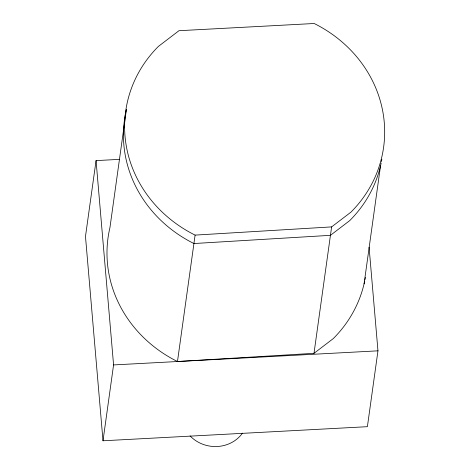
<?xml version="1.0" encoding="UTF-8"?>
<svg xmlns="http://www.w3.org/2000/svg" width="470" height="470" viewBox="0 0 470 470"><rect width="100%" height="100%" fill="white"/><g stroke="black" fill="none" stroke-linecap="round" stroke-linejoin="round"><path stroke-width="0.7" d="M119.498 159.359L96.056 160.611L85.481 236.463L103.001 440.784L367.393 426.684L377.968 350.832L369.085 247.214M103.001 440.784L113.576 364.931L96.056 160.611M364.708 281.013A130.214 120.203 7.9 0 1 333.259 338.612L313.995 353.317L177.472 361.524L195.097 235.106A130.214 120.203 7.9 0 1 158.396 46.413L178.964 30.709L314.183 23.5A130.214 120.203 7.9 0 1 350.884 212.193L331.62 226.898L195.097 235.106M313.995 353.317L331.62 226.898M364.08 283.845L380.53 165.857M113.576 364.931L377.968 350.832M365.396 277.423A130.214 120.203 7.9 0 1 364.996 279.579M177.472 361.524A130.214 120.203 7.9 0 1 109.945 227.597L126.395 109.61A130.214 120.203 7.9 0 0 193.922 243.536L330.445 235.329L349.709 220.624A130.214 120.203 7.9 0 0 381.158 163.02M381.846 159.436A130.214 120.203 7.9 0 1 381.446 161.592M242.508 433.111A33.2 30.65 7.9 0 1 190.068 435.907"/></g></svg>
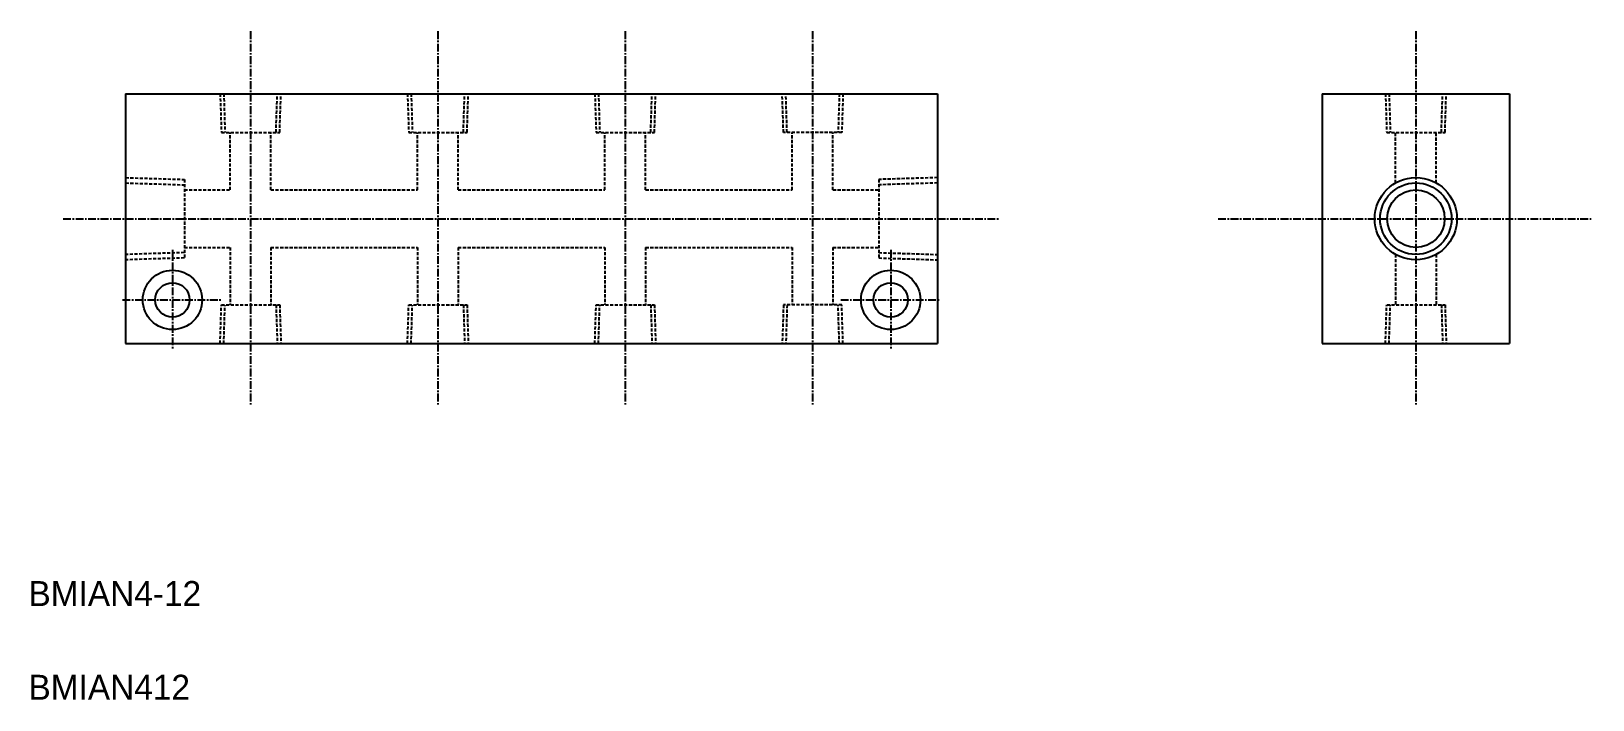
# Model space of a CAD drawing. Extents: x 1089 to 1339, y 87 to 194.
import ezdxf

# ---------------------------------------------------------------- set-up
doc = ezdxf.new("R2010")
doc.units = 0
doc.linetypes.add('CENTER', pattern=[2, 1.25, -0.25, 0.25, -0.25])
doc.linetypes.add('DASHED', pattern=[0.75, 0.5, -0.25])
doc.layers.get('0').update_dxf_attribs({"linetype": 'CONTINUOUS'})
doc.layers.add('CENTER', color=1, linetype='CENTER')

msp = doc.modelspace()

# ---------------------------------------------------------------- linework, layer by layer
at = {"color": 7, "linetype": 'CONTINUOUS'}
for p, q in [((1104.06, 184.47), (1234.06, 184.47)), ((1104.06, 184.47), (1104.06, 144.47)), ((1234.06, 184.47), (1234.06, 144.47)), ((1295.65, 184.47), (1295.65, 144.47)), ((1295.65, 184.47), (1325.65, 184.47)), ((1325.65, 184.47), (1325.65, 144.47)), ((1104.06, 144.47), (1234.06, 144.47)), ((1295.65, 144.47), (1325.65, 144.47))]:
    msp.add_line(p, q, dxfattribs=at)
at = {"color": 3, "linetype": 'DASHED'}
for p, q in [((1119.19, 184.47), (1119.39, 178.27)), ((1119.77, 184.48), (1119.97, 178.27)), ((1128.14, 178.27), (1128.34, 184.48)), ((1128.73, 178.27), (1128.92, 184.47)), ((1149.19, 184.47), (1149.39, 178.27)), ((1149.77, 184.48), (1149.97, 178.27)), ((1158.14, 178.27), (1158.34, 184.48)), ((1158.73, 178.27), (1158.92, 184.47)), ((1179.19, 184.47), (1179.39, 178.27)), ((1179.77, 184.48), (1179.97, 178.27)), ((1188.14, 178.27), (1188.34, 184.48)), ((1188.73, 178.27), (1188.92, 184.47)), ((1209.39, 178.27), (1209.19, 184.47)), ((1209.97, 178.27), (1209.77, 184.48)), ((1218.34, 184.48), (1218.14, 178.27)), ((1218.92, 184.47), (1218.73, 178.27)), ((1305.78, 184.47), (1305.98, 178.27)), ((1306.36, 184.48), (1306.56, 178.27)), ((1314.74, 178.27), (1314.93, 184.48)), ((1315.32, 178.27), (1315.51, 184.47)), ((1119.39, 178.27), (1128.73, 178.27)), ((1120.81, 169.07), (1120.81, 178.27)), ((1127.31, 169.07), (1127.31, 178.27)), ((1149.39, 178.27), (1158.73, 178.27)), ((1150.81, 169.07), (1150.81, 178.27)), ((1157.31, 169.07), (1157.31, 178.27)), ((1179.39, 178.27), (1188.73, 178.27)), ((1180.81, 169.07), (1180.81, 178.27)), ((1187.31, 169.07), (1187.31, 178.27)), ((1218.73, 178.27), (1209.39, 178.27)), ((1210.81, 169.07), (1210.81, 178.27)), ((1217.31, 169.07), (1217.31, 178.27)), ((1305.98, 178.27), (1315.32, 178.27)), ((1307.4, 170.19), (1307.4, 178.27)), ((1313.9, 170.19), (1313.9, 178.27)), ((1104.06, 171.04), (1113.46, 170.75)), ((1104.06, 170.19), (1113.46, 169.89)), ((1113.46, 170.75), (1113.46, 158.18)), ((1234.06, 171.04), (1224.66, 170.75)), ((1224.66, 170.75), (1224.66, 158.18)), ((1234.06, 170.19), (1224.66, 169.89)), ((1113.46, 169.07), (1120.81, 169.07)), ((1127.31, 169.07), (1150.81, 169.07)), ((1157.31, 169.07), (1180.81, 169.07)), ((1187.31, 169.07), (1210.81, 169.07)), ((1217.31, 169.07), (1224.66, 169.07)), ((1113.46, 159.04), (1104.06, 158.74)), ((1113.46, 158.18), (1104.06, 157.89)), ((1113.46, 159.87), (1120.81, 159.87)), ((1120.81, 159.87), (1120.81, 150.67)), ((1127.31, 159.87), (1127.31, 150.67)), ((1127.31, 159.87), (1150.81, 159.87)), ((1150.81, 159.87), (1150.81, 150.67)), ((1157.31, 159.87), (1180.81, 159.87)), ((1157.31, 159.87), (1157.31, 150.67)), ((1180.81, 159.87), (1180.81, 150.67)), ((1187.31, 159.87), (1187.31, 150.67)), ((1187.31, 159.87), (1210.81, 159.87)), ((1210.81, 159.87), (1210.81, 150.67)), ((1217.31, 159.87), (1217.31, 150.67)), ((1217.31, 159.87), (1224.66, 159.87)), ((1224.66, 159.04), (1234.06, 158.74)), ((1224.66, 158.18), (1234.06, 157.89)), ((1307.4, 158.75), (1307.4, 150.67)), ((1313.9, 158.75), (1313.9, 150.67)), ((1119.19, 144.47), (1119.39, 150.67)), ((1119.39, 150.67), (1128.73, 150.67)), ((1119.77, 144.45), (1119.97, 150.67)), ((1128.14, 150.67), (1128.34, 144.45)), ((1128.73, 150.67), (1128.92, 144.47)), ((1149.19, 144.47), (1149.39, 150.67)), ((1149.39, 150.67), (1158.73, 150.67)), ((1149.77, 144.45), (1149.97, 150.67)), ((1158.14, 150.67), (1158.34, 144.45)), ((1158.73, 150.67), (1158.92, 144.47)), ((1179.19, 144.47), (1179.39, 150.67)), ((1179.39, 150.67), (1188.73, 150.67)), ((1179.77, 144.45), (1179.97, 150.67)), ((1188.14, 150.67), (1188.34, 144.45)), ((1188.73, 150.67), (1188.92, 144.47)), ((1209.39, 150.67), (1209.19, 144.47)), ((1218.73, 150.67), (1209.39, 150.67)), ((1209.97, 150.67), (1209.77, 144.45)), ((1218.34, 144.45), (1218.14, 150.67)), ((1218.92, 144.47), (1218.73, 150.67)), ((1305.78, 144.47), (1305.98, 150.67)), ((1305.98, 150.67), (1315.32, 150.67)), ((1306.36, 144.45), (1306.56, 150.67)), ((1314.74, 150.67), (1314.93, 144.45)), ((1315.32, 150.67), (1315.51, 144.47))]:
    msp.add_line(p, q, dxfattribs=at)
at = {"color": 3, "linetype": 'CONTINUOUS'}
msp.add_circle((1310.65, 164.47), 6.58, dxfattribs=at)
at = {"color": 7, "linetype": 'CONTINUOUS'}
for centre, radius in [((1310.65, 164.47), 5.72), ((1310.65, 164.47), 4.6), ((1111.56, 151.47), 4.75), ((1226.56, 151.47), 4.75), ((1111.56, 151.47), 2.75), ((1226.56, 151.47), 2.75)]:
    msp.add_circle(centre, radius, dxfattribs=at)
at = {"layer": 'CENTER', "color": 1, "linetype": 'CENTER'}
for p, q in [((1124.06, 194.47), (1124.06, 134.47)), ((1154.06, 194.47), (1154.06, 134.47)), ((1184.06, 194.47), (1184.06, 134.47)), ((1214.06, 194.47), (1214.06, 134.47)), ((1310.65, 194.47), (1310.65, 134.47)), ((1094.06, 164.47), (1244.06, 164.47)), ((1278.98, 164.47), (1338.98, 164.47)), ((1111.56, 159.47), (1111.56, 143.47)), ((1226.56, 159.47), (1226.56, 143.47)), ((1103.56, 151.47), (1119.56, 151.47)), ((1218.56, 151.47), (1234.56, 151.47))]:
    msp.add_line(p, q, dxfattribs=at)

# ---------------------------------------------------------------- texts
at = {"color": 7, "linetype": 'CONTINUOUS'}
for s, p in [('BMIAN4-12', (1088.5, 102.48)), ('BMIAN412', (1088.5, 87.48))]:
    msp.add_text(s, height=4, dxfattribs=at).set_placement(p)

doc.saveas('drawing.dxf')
—————
▶ [TASK] Could you give the number of lines in the data above that contain the string "CENTER", with no other words?

▶ [RESPONSE BOX] 3